Our corruption function described in Section 4.2 preserves the original adjacency matrix (${\bf \widetilde{A}} = {\bf A}$) but corrupts the features, $\bf \widetilde{X}$, via row-wise shuffling of ${\bf X}$. In this case, the negative graph is constrained to be isomorphic to the positive graph, which should not have to be mandatory. We can instead produce a negative graph by directly corrupting the adjacency matrix.
Therefore, we first consider an alternative corruption function $\mathcal{C}$ which preserves the features ($\bf \widetilde{X} = \bf X$) but instead adds or removes edges from the adjacency matrix ($\bf \widetilde{A} \neq \bf A$). This is done by sampling, i.i.d., a switch parameter ${\bf\Sigma}_{ij}$, which determines whether to corrupt the adjacency matrix at position $(i, j)$. Assuming a given corruption rate, $\rho$, we may define $\mathcal{C}$ as performing the following operations:
$ \begin{align} {\bf\Sigma}_{ij} &\sim \text{Bernoulli}(\rho)\ {\bf \widetilde{A}} &= {\bf A} \oplus {\bf\Sigma} \end{align} $
where $\oplus$ is the XOR (exclusive OR) operation.
This alternative strategy produces a negative graph with the same features, but different connectivity. Here, the corruption rate of $\rho=0$ corresponds to an unchanged adjacency matrix (i.e. the positive and negative graphs are identical in this case). In this regime, learning is impossible for the discriminator, and the performance of DGI is in line with a randomly initialized DGI model. At higher rates of noise, however, DGI produces competitive embeddings.
We also consider simultaneous feature shuffling ($\bf \widetilde{X} \neq \bf X$) and adjacency matrix perturbation (${\bf \widetilde{A}} \neq {\bf A}$), both as described before. We find that DGI still learns useful features under this compound corruption strategy—as expected, given that feature shuffling is already equivalent to an (isomorphic) adjacency matrix perturbation.
From both studies, we may observe that a certain lower bound on the positive graph perturbation rate is required to obtain competitive node embeddings for the classification task on Cora. Furthermore, the features learned for downstream node classification tasks are most powerful when the negative graph has similar levels of connectivity to the positive graph.
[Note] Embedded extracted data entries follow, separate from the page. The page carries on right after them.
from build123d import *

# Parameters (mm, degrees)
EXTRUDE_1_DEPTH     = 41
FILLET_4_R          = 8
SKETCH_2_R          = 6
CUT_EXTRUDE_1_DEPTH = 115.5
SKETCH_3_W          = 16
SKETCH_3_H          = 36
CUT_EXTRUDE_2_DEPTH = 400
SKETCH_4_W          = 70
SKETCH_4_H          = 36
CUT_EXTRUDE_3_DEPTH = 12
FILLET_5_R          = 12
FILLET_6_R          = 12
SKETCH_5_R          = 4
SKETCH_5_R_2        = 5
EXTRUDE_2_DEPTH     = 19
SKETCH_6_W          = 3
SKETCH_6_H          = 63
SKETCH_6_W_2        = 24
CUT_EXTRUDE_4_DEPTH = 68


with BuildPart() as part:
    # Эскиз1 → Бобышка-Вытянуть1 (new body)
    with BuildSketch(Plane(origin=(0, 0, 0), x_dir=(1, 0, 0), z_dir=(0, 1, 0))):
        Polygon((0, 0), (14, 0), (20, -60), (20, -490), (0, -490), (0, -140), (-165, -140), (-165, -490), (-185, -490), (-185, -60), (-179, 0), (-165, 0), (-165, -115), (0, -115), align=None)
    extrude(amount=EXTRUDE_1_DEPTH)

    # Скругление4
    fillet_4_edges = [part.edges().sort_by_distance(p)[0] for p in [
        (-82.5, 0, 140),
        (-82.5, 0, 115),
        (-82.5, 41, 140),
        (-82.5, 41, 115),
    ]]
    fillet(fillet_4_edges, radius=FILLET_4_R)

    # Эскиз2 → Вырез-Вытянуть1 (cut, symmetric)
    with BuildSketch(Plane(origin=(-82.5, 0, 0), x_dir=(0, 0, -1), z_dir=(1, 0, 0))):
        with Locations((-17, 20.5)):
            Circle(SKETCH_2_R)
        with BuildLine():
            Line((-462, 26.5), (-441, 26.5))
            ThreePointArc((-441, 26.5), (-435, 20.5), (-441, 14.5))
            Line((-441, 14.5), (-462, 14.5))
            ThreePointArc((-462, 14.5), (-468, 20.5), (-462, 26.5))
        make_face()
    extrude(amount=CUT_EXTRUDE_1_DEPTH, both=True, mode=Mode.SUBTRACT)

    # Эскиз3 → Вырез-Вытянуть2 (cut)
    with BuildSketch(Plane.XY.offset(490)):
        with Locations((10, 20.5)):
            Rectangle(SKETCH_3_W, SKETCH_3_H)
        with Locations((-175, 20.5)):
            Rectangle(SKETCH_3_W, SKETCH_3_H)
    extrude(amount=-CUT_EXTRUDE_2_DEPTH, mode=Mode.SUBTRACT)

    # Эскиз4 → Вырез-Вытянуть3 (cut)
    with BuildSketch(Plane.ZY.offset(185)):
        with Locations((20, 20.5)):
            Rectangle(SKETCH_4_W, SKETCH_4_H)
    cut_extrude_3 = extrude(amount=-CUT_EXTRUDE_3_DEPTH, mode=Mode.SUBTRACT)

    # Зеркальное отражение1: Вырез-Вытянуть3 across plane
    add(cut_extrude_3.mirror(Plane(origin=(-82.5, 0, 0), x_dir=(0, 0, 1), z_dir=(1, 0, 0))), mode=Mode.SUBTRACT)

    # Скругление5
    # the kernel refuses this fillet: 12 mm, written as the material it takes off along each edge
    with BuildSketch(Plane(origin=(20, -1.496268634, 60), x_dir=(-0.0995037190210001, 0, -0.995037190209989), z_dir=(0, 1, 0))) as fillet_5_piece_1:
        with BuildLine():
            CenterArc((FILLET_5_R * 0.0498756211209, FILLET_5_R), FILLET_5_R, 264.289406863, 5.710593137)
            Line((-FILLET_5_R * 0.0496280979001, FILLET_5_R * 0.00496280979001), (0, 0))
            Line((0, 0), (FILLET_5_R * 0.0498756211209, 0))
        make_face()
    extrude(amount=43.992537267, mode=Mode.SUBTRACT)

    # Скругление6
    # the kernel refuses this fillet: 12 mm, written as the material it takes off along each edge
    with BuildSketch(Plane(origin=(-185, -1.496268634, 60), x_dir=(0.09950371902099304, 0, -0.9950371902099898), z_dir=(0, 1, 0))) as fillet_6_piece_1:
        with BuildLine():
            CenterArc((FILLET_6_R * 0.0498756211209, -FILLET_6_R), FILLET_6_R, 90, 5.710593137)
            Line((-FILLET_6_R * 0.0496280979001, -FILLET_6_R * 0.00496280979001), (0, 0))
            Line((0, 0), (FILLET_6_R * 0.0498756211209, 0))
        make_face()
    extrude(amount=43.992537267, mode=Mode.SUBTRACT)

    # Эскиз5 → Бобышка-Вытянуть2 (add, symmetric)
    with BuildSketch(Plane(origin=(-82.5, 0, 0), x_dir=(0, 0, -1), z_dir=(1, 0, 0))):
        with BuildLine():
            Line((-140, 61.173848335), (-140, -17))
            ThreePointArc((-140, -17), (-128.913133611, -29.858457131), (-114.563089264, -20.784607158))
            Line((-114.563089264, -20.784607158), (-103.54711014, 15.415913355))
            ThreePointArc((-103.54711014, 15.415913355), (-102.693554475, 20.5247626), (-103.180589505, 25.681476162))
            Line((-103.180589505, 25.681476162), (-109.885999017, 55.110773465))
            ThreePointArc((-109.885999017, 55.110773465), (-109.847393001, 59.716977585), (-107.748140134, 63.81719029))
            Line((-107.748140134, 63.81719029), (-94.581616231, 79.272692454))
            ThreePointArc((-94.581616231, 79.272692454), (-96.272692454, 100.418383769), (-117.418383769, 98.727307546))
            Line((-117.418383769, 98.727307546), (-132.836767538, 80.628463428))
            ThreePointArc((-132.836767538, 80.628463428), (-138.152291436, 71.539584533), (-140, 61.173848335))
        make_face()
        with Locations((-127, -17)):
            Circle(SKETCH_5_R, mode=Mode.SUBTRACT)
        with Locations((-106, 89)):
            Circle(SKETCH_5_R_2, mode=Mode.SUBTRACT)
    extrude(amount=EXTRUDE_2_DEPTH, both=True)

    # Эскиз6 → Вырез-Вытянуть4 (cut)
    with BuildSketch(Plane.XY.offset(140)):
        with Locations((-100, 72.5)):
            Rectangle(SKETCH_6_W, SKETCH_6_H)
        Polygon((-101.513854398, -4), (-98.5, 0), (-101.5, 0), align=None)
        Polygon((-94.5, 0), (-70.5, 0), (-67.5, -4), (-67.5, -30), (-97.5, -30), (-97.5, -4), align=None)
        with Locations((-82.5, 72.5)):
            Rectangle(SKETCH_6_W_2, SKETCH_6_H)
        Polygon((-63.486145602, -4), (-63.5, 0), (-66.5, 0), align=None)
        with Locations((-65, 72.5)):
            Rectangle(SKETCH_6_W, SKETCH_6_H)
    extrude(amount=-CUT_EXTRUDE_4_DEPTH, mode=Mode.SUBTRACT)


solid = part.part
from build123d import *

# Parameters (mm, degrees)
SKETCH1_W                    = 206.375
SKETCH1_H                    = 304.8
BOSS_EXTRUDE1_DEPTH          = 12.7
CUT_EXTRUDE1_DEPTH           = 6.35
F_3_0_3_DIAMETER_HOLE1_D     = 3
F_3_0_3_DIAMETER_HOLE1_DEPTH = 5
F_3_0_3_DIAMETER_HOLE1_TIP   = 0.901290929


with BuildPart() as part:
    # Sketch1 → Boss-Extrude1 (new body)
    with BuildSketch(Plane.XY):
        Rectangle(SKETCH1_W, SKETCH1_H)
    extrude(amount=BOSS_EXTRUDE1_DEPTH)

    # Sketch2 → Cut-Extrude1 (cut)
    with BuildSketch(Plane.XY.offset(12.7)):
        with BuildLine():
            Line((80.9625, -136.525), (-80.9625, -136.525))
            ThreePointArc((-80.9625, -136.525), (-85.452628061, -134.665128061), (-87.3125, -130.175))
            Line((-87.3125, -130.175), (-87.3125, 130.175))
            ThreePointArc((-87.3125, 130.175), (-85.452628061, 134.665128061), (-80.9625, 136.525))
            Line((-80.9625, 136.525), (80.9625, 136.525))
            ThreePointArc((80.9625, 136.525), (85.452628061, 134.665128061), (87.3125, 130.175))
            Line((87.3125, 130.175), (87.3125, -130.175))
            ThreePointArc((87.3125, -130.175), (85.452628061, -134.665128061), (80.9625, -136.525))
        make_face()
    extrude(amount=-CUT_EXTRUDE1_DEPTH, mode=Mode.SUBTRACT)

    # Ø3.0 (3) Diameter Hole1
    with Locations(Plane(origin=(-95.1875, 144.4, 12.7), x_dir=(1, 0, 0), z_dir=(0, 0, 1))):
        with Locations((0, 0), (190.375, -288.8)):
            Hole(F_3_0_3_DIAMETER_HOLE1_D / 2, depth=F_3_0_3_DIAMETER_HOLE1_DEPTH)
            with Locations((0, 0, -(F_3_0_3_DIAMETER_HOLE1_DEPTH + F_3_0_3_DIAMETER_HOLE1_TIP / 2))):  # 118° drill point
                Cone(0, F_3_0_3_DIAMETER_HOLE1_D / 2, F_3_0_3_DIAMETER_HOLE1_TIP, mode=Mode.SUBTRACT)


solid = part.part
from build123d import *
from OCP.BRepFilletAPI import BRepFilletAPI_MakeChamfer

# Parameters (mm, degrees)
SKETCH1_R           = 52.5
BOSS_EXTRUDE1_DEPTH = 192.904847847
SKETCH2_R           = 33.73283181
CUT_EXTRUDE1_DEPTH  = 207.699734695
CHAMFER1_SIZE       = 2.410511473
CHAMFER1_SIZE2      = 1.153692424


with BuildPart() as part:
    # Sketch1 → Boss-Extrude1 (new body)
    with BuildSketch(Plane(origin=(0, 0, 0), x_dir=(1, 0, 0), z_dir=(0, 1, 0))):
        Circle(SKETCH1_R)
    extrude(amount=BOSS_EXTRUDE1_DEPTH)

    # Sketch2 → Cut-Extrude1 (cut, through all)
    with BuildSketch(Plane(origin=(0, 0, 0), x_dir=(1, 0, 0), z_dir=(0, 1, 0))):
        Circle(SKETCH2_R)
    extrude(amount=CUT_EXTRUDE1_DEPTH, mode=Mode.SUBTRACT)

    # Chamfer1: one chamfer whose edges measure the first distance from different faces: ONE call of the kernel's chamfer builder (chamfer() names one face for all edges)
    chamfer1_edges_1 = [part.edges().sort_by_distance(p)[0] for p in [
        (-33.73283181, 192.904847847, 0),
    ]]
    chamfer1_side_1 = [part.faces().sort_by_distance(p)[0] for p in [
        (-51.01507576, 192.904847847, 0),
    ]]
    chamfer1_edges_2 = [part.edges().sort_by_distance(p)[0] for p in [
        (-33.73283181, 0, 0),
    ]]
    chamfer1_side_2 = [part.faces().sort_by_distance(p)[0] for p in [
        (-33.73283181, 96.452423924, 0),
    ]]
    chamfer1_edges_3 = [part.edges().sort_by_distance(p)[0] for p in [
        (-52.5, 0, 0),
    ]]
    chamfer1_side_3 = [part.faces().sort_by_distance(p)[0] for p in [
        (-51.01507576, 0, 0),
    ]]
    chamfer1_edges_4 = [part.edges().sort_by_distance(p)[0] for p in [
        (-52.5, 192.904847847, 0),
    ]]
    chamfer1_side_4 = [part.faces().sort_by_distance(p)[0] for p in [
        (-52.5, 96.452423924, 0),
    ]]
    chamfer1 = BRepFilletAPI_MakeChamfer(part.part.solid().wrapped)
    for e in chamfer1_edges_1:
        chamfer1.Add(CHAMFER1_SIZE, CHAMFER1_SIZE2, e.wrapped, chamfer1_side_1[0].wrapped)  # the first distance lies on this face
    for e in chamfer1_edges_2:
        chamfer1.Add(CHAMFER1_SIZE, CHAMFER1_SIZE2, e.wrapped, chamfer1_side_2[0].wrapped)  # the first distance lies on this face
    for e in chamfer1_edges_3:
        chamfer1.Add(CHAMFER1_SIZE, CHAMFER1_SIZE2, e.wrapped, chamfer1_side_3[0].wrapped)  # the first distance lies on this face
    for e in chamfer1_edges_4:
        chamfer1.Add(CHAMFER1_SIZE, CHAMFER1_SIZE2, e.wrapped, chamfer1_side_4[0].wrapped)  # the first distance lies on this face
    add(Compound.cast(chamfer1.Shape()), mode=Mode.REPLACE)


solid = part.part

The classification performance peaks when the graph is perturbed to a reasonably high level, but remains sparse; i.e. the mixing between the separate 1-step patches is not substantial, and therefore the pool of negative examples is still diverse enough. Classification performance is impacted only marginally at higher rates of corruption—corresponding to dense negative graphs, and thus a less rich negative example pool—but still considerably outperforming the unsupervised baselines we have considered. This could be seen as further motivation for relying solely on feature shuffling, without adjacency perturbations—given that feature shuffling is a trivial way to guarantee a diverse set of negative examples, without incurring significant computational costs per epoch.
The results of this study are visualized in Figure 7 and Figure 8.